** Opening AVAILABLE DATA block **

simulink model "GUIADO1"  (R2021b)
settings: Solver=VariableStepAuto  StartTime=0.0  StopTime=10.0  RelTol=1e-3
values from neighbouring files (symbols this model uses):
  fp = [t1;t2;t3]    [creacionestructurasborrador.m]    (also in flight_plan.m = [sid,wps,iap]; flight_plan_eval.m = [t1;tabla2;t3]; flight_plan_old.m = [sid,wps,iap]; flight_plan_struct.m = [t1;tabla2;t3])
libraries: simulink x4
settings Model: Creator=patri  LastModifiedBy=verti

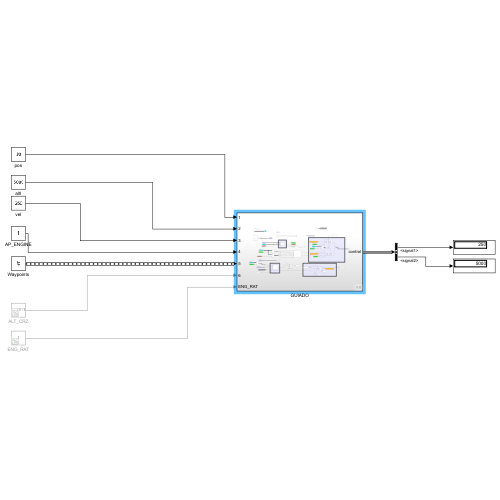
[thumbnail: Simulink's stored preview of the top-level diagram]
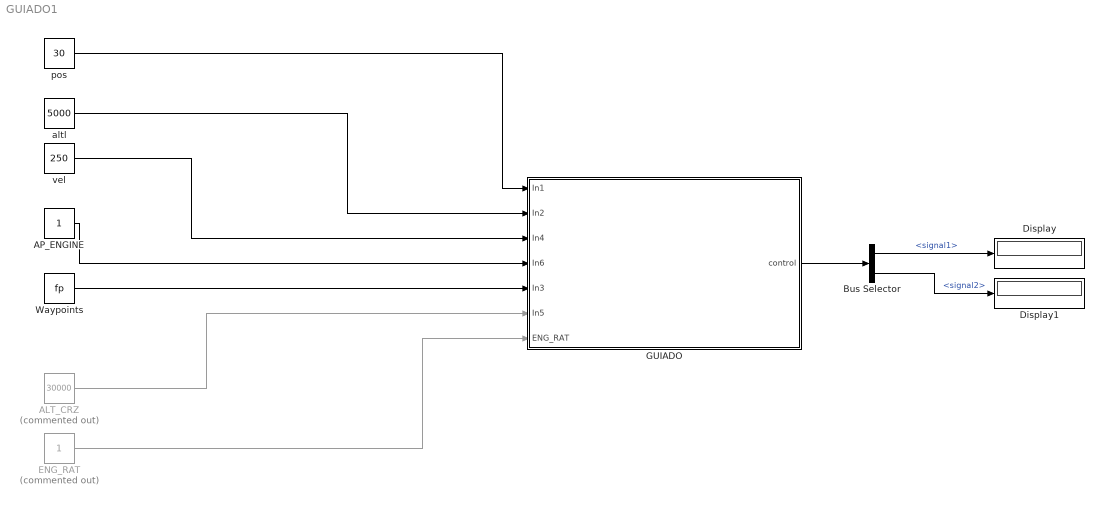
== system GUIADO1 ==
  ALT_CRZ : Constant  Commented=on  Value=30000
  AP_ENGINE : Constant
  Bus Selector : BusSelector  OutputSignals=signal1,signal2
  Display : Display
  Display1 : Display
  ENG_RAT : Constant  Commented=on
  GUIADO : Subsystem
  Waypoints : Constant  RequirementInfo={} %GIDa_b85dfdf9_dbd9_42fc_8c21_ccd8d1c0f83a  Value=fp  OutDataTypeStr=Bus: BUS_FP
  altl : Constant  RequirementInfo={} %GIDa_24b8d891_c115_477c_8ce2_324cbd10ab9b  Value=5000
  pos : Constant  RequirementInfo={} %GIDa_e0c8f14f_9d58_42a1_8d51_6b8f44cf598c  Value=30
  vel : Constant  RequirementInfo={} %GIDa_4ea119f1_ae62_469e_9a59_9854960f9910  Value=250
  wires:
  altl/1 -> GUIADO/2(In2)
  pos/1 -> GUIADO/1(In1)
  vel/1 -> GUIADO/3(In4)
  Waypoints/1 -> GUIADO/5(In3)
  ENG_RAT/1 -> GUIADO/7(ENG_RAT)
  ALT_CRZ/1 -> GUIADO/6(In5)
  AP_ENGINE/1 -> GUIADO/4(In6)
  GUIADO/1(control) -> Bus Selector/1
  Bus Selector/2 -> Display1/1  "<signal2>"
  Bus Selector/1 -> Display/1  "<signal1>"

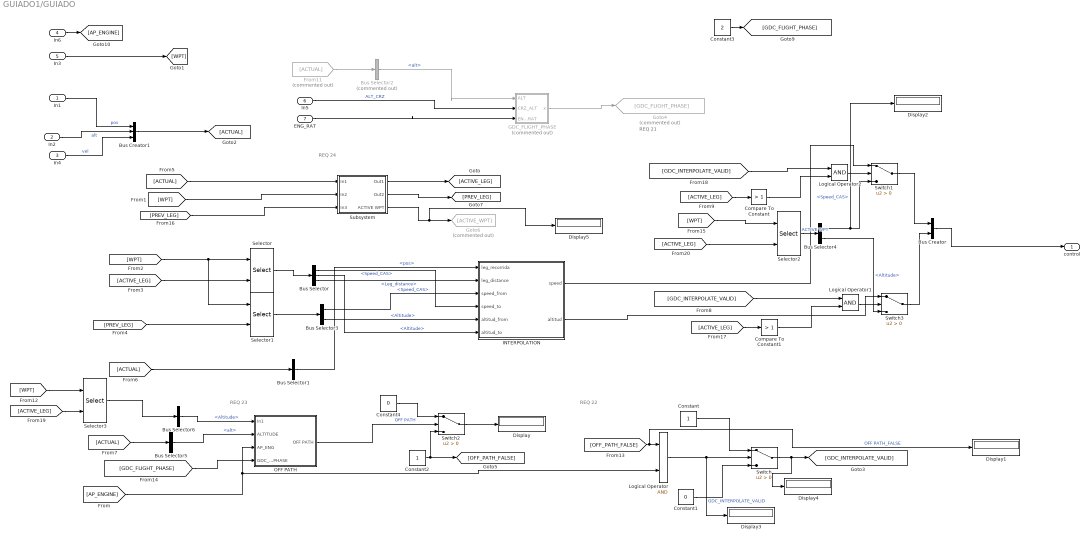
== system GUIADO1/GUIADO ==
  note: REQ 24
  note: REQ 21
  note: REQ 22
  note: REQ 23
  In1 : Inport  RequirementInfo={} %GIDa_c953edaa_2252_4c9d_8426_3d6d548ae88e
  In2 : Inport  RequirementInfo={} %GIDa_547d8447_87e3_4c66_b2f0_2f18738a3143  Port=2
  In4 : Inport  Port=3
  In6 : Inport  Port=4
  In3 : Inport  Port=5
  In5 : Inport  Port=6
  ENG_RAT : Inport  Port=7
  Bus Creator : BusCreator  RequirementInfo={} %GIDa_01f04d6e_35c0_4dde_ad67_30f95352da07  Inputs=2
  Bus Creator1 : BusCreator  RequirementInfo={} %GIDa_002cc265_eead_4a65_9c30_5969614079fc  Inputs=3
  Bus Selector : BusSelector  RequirementInfo={} %GIDa_c4a2b3b9_26f5_4370_8f3c_fb220d56f2b1  OutputSignals=Speed_CAS,Altitude,Leg_distance
  Bus Selector1 : BusSelector  RequirementInfo={} %GIDa_f06f846a_f20a_4ebb_91a5_5d7a160146ce  OutputSignals=pos
  Bus Selector2 : BusSelector  RequirementInfo={} %GIDa_67f18f8f_3d6a_4122_98a0_2b1872e91802  Commented=on  OutputSignals=alt
  Bus Selector3 : BusSelector  RequirementInfo={} %GIDa_3179e8d2_440f_49e3_a760_530bcd082419  OutputSignals=Speed_CAS,Altitude
  Bus Selector4 : BusSelector  OutputSignals=Speed_CAS,Altitude
  Bus Selector5 : BusSelector  OutputSignals=alt
  Bus Selector6 : BusSelector  RequirementInfo={} %GIDa_8bc3223d_0b7f_40fb_a6f5_c44549fe0063  OutputSignals=Altitude
  Compare To Constant : simulink/Logic and Bit Operations/Compare To Constant  relop=>  const=1  OutDataTypeStr=boolean
  Compare To Constant1 : simulink/Logic and Bit Operations/Compare To Constant  relop=>  const=1  OutDataTypeStr=boolean
  Constant : Constant  RequirementInfo={} %GIDa_2498b4de_2ac4_48bd_8c57_f50d97e9c0ba
  Constant1 : Constant  RequirementInfo={} %GIDa_d7690ee0_1221_4b71_bf56_b8fc32b8c303  Value=0
  Constant2 : Constant  RequirementInfo={} %GIDa_5ab9040d_ce11_44b0_aa60_fbd51e1cd284
  Constant3 : Constant  Value=2
  Constant4 : Constant  Value=0
  Display{,1..5} (6 alike) : Display
      Display settings: RequirementInfo={} %GIDa_70cf4f96_cbbf_4ac9_a295_881ac1100427
  From11 : From  RequirementInfo={} %GIDa_ba6d5a2b_274e_4e09_a48e_951a476e8210  Commented=on  GotoTag=ACTUAL
  GDC_FLIGHT_PHASE : Stateflow chart  RequirementInfo={} %GIDa_738fd6ca_d950_41b5_85a8_34e3c94ad36e  Commented=on  TreatAsAtomicUnit=on
  Goto4 : Goto  RequirementInfo={} %GIDa_7a49e31f_81d1_4690_999b_ac34b1e525ce  Commented=on  GotoTag=GDC_FLIGHT_PHASE
  Goto6 : Goto  RequirementInfo={} %GIDa_8f7bf202_a020_4678_839c_04c19c1a886f  Commented=on  GotoTag=ACTIVE_WPT
  INTERPOLATION : MATLAB Function  RequirementInfo={} %GIDa_d69dad2e_6c63_4369_b768_ec321f42f021  TreatAsAtomicUnit=on
  Logical Operator : Logic  RequirementInfo={} %GIDa_5b6a2d32_a21a_44cf_8e21_c6f9ba66fa3f  AllPortsSameDT=off  OutDataTypeStr=boolean
  Logical Operator1 : Logic  RequirementInfo={} %GIDa_0c25b4f0_cec9_4cfd_a32d_1709ca197c58  AllPortsSameDT=off  OutDataTypeStr=boolean
  Logical Operator2 : Logic  RequirementInfo={} %GIDa_21f84cc6_6a89_4154_be44_27295376b10c  AllPortsSameDT=off  OutDataTypeStr=boolean
  OFF PATH : Subsystem  RequirementInfo={} %GIDa_fce4e217_4c17_48f9_b389_237c9766bcea
  Selector : Selector  RequirementInfo={} %GIDa_aa8aed47_c89b_4cd5_946f_b9cf7f706766  InputPortWidth=12  IndexOptions=Index vector (port)  Indices=[1 3]  OutputSizes=1
  Selector1 : Selector  RequirementInfo={} %GIDa_3f3fe1df_2ad1_4bff_9a1e_105282a61a3c  InputPortWidth=12  IndexOptions=Index vector (port)  Indices=[1 3]  OutputSizes=1
  Selector2 : Selector  RequirementInfo={} %GIDa_63b54d3c_663a_435b_9dc1_1443cfa2f20c  InputPortWidth=12  IndexOptions=Index vector (port)  Indices=[1 3]  OutputSizes=1
  Selector3 : Selector  InputPortWidth=12  IndexOptions=Index vector (port)  Indices=[1 3]  OutputSizes=1
  Subsystem : Subsystem  RequirementInfo={} %GIDa_d93d8f36_c3e8_4324_81a1_465d92c3f292
  Switch : Switch  RequirementInfo={} %GIDa_1e34e9e4_1641_447b_8b9c_841ac2d26e67  Criteria=u2 > Threshold
  Switch1 : Switch  RequirementInfo={} %GIDa_27784f20_4fa4_452b_ae6f_1814d084a7da  Criteria=u2 > Threshold
  Switch2 : Switch  RequirementInfo={} %GIDa_46de363e_4d07_48d3_90c2_fbede5ff2297  Criteria=u2 > Threshold
  Switch3 : Switch  RequirementInfo={} %GIDa_d53d12ca_965a_40d8_8672_d8cd2ef96e8e  Criteria=u2 > Threshold
  control : Outport  RequirementInfo={} %GIDa_4dbd6388_d035_474b_bcb7_a1e098248e58
  wires:
  [ACTUAL] -> Bus Selector5/1
  Bus Selector/1 -> INTERPOLATION/4(speed_to)  "<Speed_CAS>"
  Compare To Constant/1 -> Logical Operator2/2
  Constant1/1 -> Switch/3
  Selector1/1 -> Bus Selector3/1
  Switch/1 -> Display4/1, [GDC_INTERPOLATE_VALID]
  Subsystem/2(Out2) -> [PREV_LEG]
  From11/1 -> Bus Selector2/1
  Switch2/1 -> Display/1
  [GDC_FLIGHT_PHASE] -> OFF PATH/4(GDC_FLIGHT_PHASE)
  [ACTUAL] -> Subsystem/1(In1)
  Bus Selector3/1 -> INTERPOLATION/3(speed_from)  "<Speed_CAS>"
  Bus Selector3/2 -> INTERPOLATION/5(altitud_from)  "<Altitude>"
  In2/1 -> Bus Creator1/2  "alt"
  INTERPOLATION/1(speed) -> Switch1/1
  [ACTIVE_LEG] -> Compare To Constant/1
  Compare To Constant1/1 -> Logical Operator1/2
  Logical Operator2/1 -> Switch1/2
  [ACTIVE_LEG] -> Compare To Constant1/1
  Constant2/1 -> Switch2/3, [OFF_PATH_FALSE]
  Switch3/1 -> Bus Creator/2
  [GDC_INTERPOLATE_VALID] -> Logical Operator2/1
  Logical Operator1/1 -> Switch3/2
  [WPT] -> Subsystem/2(In2)
  In3/1 -> [WPT]
  INTERPOLATION/2(altitud) -> Switch3/1
  Bus Creator/1 -> control/1
  Bus Selector/2 -> INTERPOLATION/6(altitud_to)  "<Altitude>"
  Switch1/1 -> Bus Creator/1
  Bus Selector2/1 -> GDC_FLIGHT_PHASE/1(ALT)  "<alt>"
  Constant/1 -> Switch/1
  Logical Operator/1 -> Display3/1, Switch/2  "GDC_INTERPOLATE_VALID"
  Bus Creator1/1 -> [ACTUAL]
  Selector/1 -> Bus Selector/1
  [AP_ENGINE] -> OFF PATH/3(AP_ENG), Logical Operator/2
  [OFF_PATH_FALSE] -> Display1/1, Logical Operator/1  "OFF PATH_FALSE"
  In1/1 -> Bus Creator1/1  "pos"
  [PREV_LEG] -> Subsystem/3(In3)
  [ACTUAL] -> Bus Selector1/1
  Constant4/1 -> Switch2/1
  GDC_FLIGHT_PHASE/1(x) -> Goto4/1
  [WPT] -> Selector1/1, Selector/1
  Subsystem/1(Out1) -> [ACTIVE_LEG]
  OFF PATH/1(OFF PATH) -> Switch2/2  "OFF PATH"
  [GDC_INTERPOLATE_VALID] -> Logical Operator1/1
  [ACTIVE_LEG] -> Selector/2
  In4/1 -> Bus Creator1/3  "vel"
  [ACTIVE_LEG] -> Selector2/2
  [WPT] -> Selector2/1
  Selector2/1 -> Bus Selector4/1  "ACTIVE WPT"
  Bus Selector4/1 -> Display2/1, Switch1/3  "<Speed_CAS>"
  Bus Selector4/2 -> Switch3/3  "<Altitude>"
  [PREV_LEG] -> Selector1/2
  In5/1 -> GDC_FLIGHT_PHASE/2(CRZ_ALT)  "ALT_CRZ"
  ENG_RAT/1 -> GDC_FLIGHT_PHASE/3(ENG_RAT)
  Constant3/1 -> [GDC_FLIGHT_PHASE]
  Bus Selector5/1 -> OFF PATH/2(ALTITUDE)  "<alt>"
  Bus Selector6/1 -> OFF PATH/1(In1)  "<Altitude>"
  [WPT] -> Selector3/1
  Selector3/1 -> Bus Selector6/1
  [ACTIVE_LEG] -> Selector3/2
  In6/1 -> [AP_ENGINE]
  Bus Selector1/1 -> INTERPOLATION/1(leg_recorrida)  "<pos>"
  Bus Selector/3 -> INTERPOLATION/2(leg_distance)  "<Leg_distance>"
  Subsystem/3(ACTIVE WPT) -> Display5/1, Goto6/1

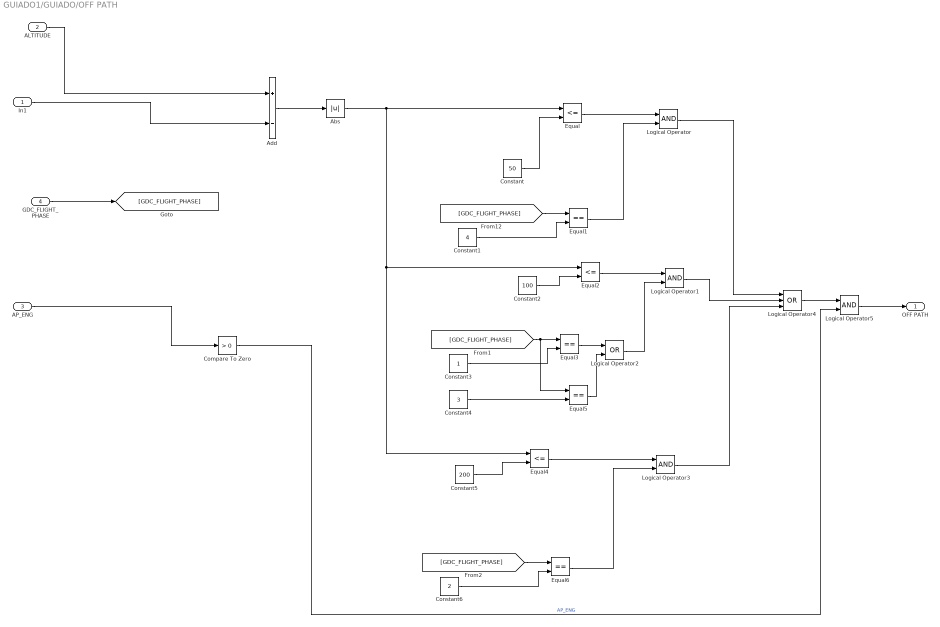
== system GUIADO1/GUIADO/OFF PATH ==
  In1 : Inport  RequirementInfo={} %GIDa_ea188e89_eef4_4315_b4ea_694436859049
  ALTITUDE : Inport  RequirementInfo={} %GIDa_cec92ccd_50af_48ce_99e0_e78f87b5a5dd  Port=2
  AP_ENG : Inport  RequirementInfo={} %GIDa_b5a9fb80_9e70_4b36_a3d4_181a89380a09  Port=3
  GDC_FLIGHT_PHASE : Inport  RequirementInfo={} %GIDa_449a8b27_a283_4b51_85f1_d3db49c09d81  Port=4
  Abs : Abs  RequirementInfo={} %GIDa_db76a9bc_fd40_41b7_b4e9_c8f1fa3f6419
  Add : Sum  RequirementInfo={} %GIDa_1eb463e1_2c0f_4155_9caf_ebd713becfc9  Inputs=+-
  Compare To Zero : simulink/Logic and Bit Operations/Compare To Zero  RequirementInfo={} %GIDa_de6d2e43_5074_4e60_86a5_29e173b01aeb  relop=>  OutDataTypeStr=boolean
  Constant : Constant  RequirementInfo={} %GIDa_50edc1c4_4358_4970_abca_b0e9409f851a  Value=50
  Constant1 : Constant  RequirementInfo={} %GIDa_ee39c8f9_9d82_4b7c_b7b4_7766ecc2abfe  Value=4
  Constant2 : Constant  RequirementInfo={} %GIDa_fa64b539_4baf_4742_984f_2a1e30e52f84  Value=100
  Constant3 : Constant  RequirementInfo={} %GIDa_b30783bd_8107_4173_8871_ce95e60f06e5
  Constant4 : Constant  RequirementInfo={} %GIDa_62456426_7c96_48d7_b64a_6a8d71b153fa  Value=3
  Constant5 : Constant  RequirementInfo={} %GIDa_6ce19b5c_559d_4c88_b743_76247ddbb29b  Value=200
  Constant6 : Constant  RequirementInfo={} %GIDa_176fc83c_97bb_40dd_8d0a_c2bcedeeb068  Value=2
  Equal : RelationalOperator  RequirementInfo={} %GIDa_461bf3d0_5128_4580_83eb_d11cda6f1f54  Operator=<=  OutDataTypeStr=boolean  RndMeth=Simplest
  Equal1 : RelationalOperator  RequirementInfo={} %GIDa_fb95551d_c38f_4b25_a200_648df0e3a261  Operator===  OutDataTypeStr=boolean  RndMeth=Simplest
  Equal2 : RelationalOperator  RequirementInfo={} %GIDa_07670def_aa68_4caa_b5d3_7fed440a0cb2  Operator=<=  OutDataTypeStr=boolean  RndMeth=Simplest
  Equal3 : RelationalOperator  RequirementInfo={} %GIDa_ceb44fc0_0920_4a7b_ba38_e15afd348e9c  Operator===  OutDataTypeStr=boolean  RndMeth=Simplest
  Equal4 : RelationalOperator  RequirementInfo={} %GIDa_b1d64c76_31ce_47f0_b5ac_a43420f1547c  Operator=<=  OutDataTypeStr=boolean  RndMeth=Simplest
  Equal5 : RelationalOperator  RequirementInfo={} %GIDa_2958bcab_fb85_461e_97e2_a6dac5bfcaec  Operator===  OutDataTypeStr=boolean  RndMeth=Simplest
  Equal6 : RelationalOperator  RequirementInfo={} %GIDa_58d89293_8496_455d_9e80_32ec11f8f5c1  Operator===  OutDataTypeStr=boolean  RndMeth=Simplest
  Logical Operator : Logic  RequirementInfo={} %GIDa_cea7d4b5_5f50_4197_98d6_c45754679a30  AllPortsSameDT=off  OutDataTypeStr=boolean
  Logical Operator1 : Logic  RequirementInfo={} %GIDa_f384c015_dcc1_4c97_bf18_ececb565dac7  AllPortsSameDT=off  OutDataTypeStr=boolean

** Closing AVAILABLE DATA block **

▶ WHAT YOU WILL DO
Output exactly the leading lines of the data, up to and including the line marked by "fp = [t1;t2;t3]".

▶ COMPLETED TASK
simulink model "GUIADO1"  (R2021b)
settings: Solver=VariableStepAuto  StartTime=0.0  StopTime=10.0  RelTol=1e-3
values from neighbouring files (symbols this model uses):
  fp = [t1;t2;t3]    [creacionestructurasborrador.m]    (also in flight_plan.m = [sid,wps,iap]; flight_plan_eval.m = [t1;tabla2;t3]; flight_plan_old.m = [sid,wps,iap]; flight_plan_struct.m = [t1;tabla2;t3])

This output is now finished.